Data extracted from a collection:
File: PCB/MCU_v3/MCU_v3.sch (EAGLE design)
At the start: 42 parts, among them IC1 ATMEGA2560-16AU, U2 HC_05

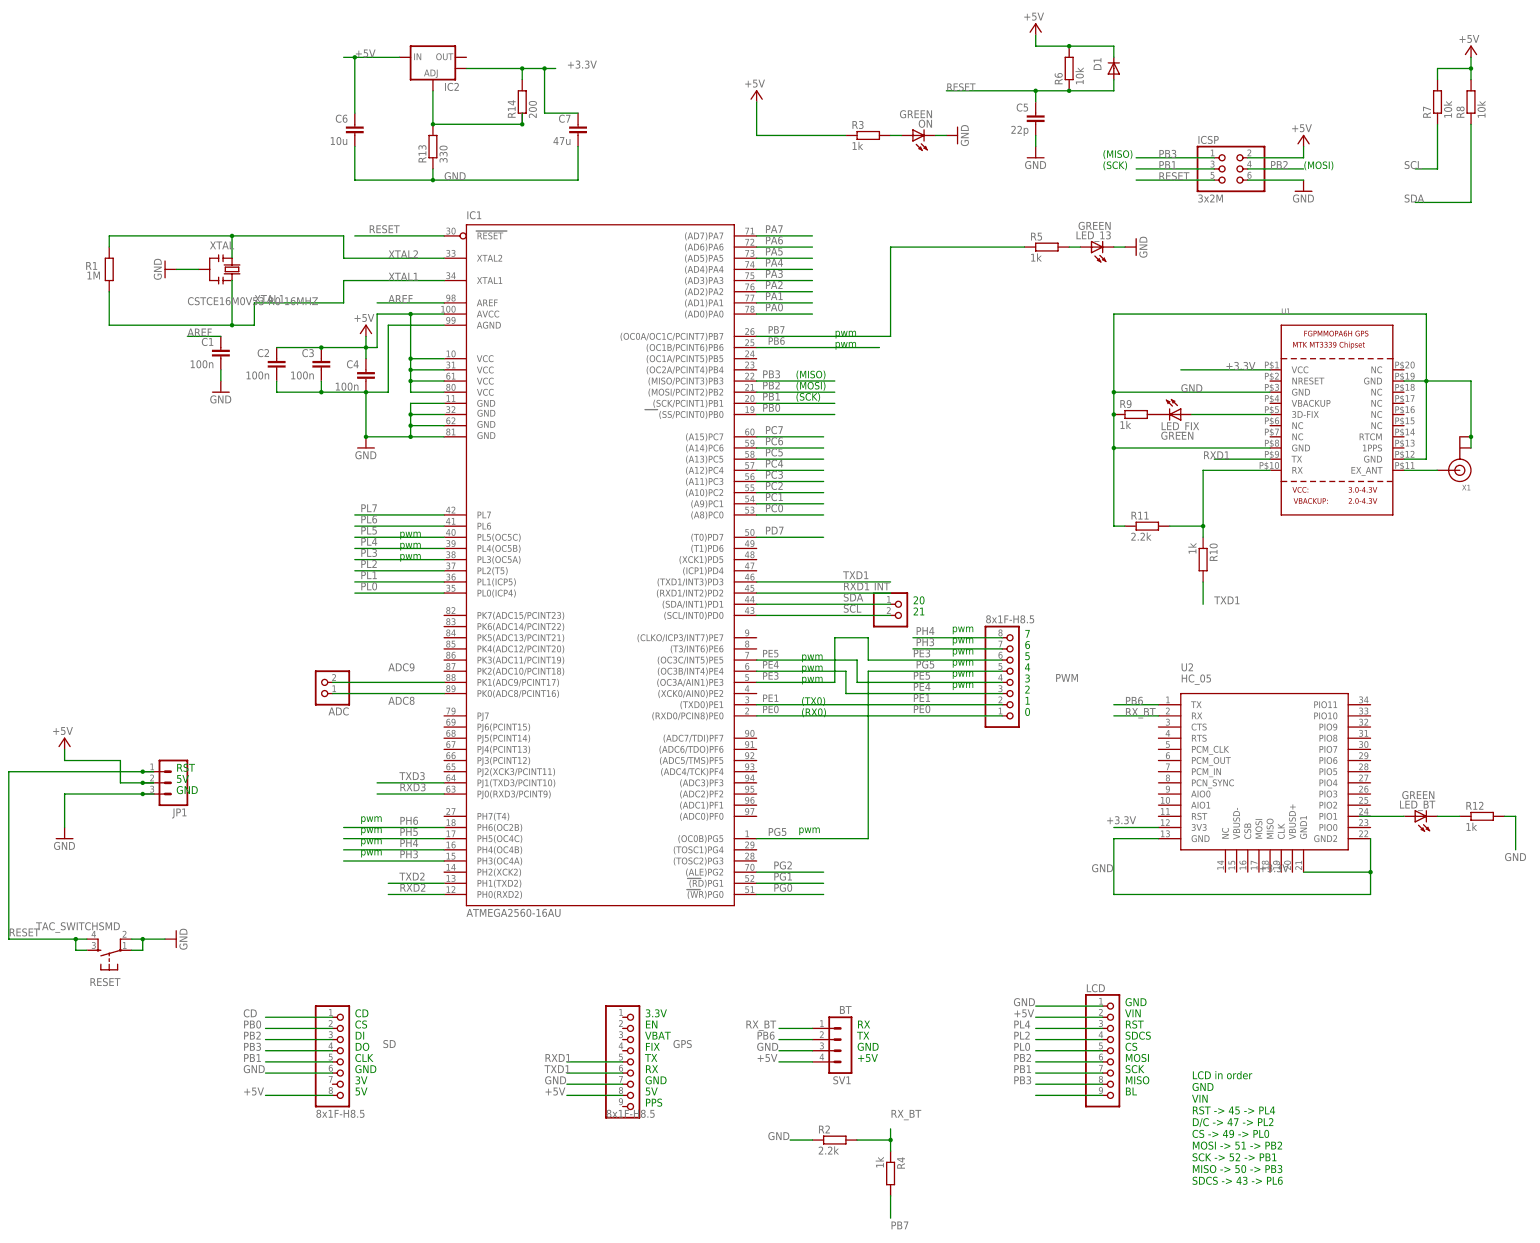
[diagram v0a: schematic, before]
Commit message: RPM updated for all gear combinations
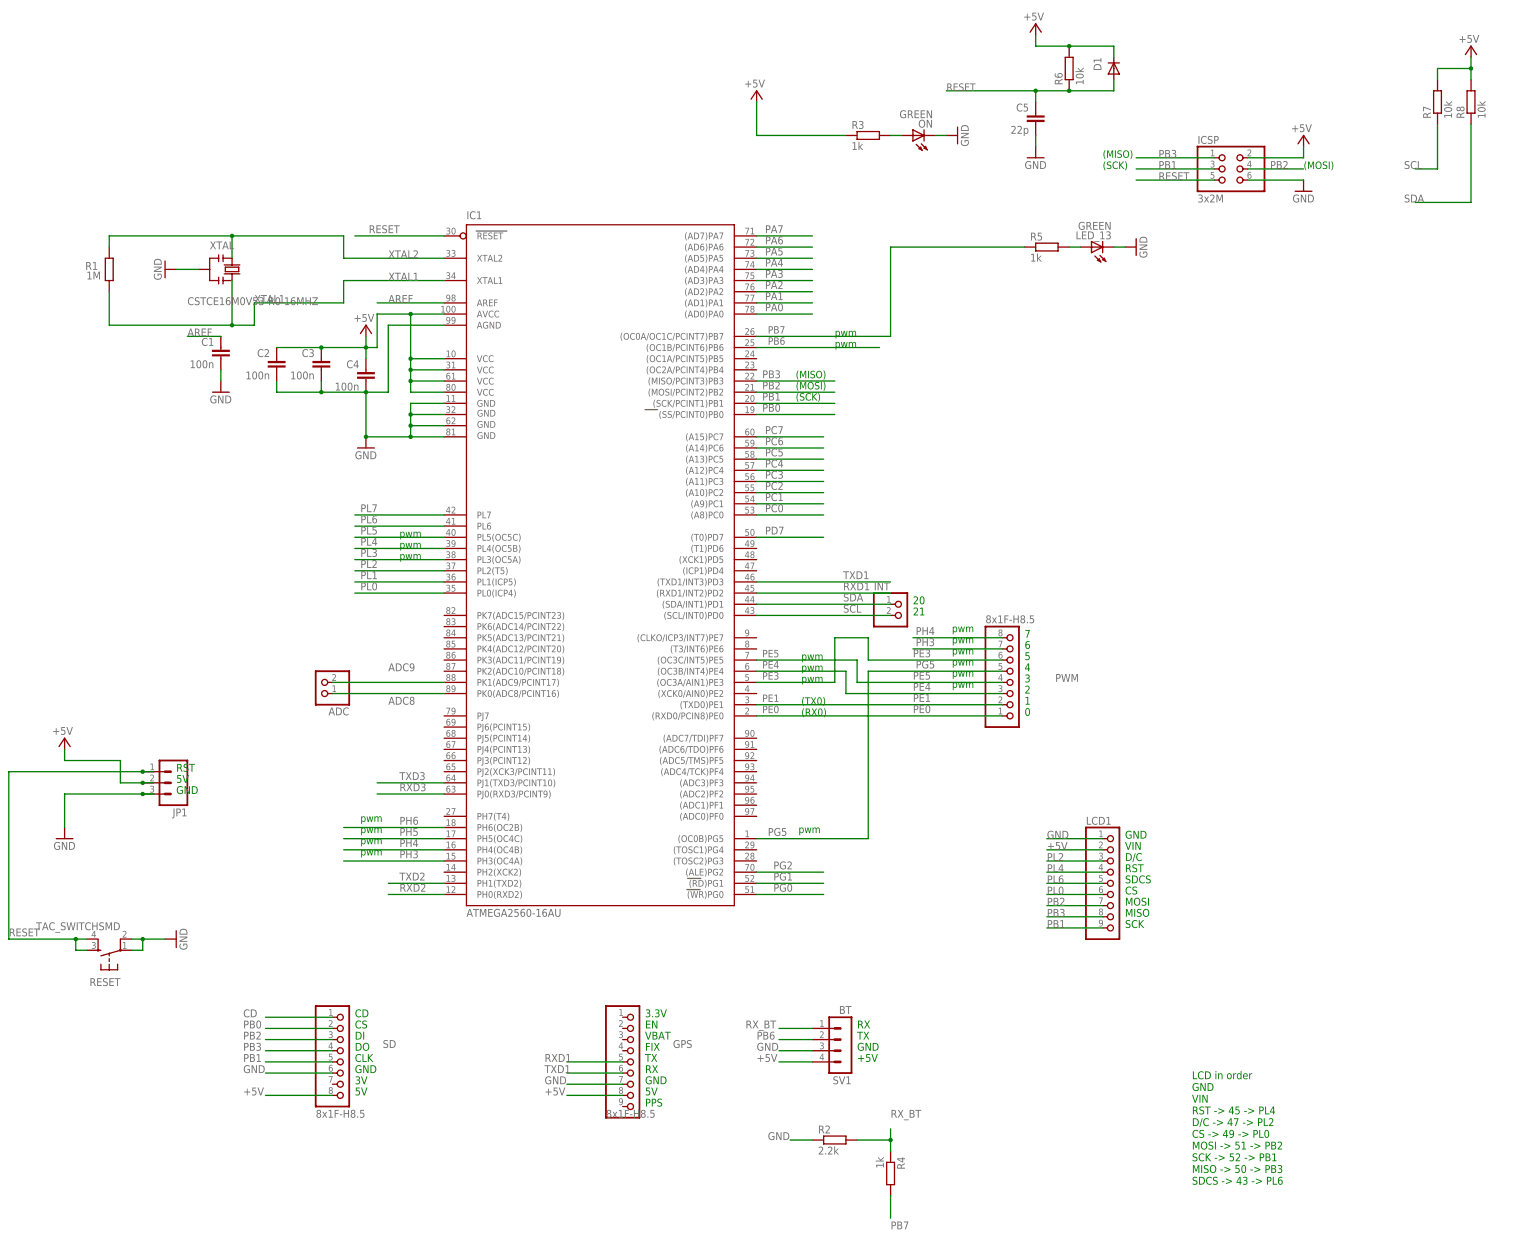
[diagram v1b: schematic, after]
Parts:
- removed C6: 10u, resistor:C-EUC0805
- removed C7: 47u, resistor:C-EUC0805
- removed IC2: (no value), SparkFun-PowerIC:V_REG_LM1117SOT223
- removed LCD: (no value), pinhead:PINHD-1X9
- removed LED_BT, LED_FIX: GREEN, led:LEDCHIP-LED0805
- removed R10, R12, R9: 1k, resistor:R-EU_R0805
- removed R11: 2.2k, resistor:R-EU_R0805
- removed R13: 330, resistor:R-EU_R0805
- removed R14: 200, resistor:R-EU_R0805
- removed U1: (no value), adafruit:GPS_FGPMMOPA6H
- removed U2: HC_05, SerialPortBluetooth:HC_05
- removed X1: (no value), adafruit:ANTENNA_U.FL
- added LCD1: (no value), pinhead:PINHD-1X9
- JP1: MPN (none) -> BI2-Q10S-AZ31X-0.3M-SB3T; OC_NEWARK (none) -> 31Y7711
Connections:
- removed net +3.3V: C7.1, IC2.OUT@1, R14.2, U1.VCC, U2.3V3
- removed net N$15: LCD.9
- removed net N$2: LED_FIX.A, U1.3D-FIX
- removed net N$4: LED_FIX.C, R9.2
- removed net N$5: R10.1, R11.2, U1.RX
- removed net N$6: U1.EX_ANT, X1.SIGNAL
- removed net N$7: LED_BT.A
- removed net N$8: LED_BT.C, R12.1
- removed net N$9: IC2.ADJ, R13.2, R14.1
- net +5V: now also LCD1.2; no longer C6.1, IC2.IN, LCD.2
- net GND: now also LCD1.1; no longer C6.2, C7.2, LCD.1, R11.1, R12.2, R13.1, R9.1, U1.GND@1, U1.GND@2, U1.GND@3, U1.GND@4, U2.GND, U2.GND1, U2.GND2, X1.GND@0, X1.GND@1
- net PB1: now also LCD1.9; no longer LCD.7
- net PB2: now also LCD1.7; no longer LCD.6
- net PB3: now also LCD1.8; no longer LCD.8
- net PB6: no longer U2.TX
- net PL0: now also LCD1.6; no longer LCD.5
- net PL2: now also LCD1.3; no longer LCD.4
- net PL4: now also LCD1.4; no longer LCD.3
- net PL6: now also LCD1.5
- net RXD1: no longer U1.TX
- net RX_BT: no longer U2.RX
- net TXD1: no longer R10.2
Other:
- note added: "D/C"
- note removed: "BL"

-- How to complete this task --
Please, without any pictures, print each entry exactly.

-- Written response --
File: PCB/MCU_v3/MCU_v3.sch (EAGLE design)
At the start: 42 parts, among them IC1 ATMEGA2560-16AU, U2 HC_05

[diagram v0a: schematic, before]
Commit message: RPM updated for all gear combinations
[diagram v1b: schematic, after]
Parts:
- removed C6: 10u, resistor:C-EUC0805
- removed C7: 47u, resistor:C-EUC0805
- removed IC2: (no value), SparkFun-PowerIC:V_REG_LM1117SOT223
- removed LCD: (no value), pinhead:PINHD-1X9
- removed LED_BT, LED_FIX: GREEN, led:LEDCHIP-LED0805
- removed R10, R12, R9: 1k, resistor:R-EU_R0805
- removed R11: 2.2k, resistor:R-EU_R0805
- removed R13: 330, resistor:R-EU_R0805
- removed R14: 200, resistor:R-EU_R0805
- removed U1: (no value), adafruit:GPS_FGPMMOPA6H
- removed U2: HC_05, SerialPortBluetooth:HC_05
- removed X1: (no value), adafruit:ANTENNA_U.FL
- added LCD1: (no value), pinhead:PINHD-1X9
- JP1: MPN (none) -> BI2-Q10S-AZ31X-0.3M-SB3T; OC_NEWARK (none) -> 31Y7711
Connections:
- removed net +3.3V: C7.1, IC2.OUT@1, R14.2, U1.VCC, U2.3V3
- removed net N$15: LCD.9
- removed net N$2: LED_FIX.A, U1.3D-FIX
- removed net N$4: LED_FIX.C, R9.2
- removed net N$5: R10.1, R11.2, U1.RX
- removed net N$6: U1.EX_ANT, X1.SIGNAL
- removed net N$7: LED_BT.A
- removed net N$8: LED_BT.C, R12.1
- removed net N$9: IC2.ADJ, R13.2, R14.1
- net +5V: now also LCD1.2; no longer C6.1, IC2.IN, LCD.2
- net GND: now also LCD1.1; no longer C6.2, C7.2, LCD.1, R11.1, R12.2, R13.1, R9.1, U1.GND@1, U1.GND@2, U1.GND@3, U1.GND@4, U2.GND, U2.GND1, U2.GND2, X1.GND@0, X1.GND@1
- net PB1: now also LCD1.9; no longer LCD.7
- net PB2: now also LCD1.7; no longer LCD.6
- net PB3: now also LCD1.8; no longer LCD.8
- net PB6: no longer U2.TX
- net PL0: now also LCD1.6; no longer LCD.5
- net PL2: now also LCD1.3; no longer LCD.4
- net PL4: now also LCD1.4; no longer LCD.3
- net PL6: now also LCD1.5
- net RXD1: no longer U1.TX
- net RX_BT: no longer U2.RX
- net TXD1: no longer R10.2
Other:
- note added: "D/C"
- note removed: "BL"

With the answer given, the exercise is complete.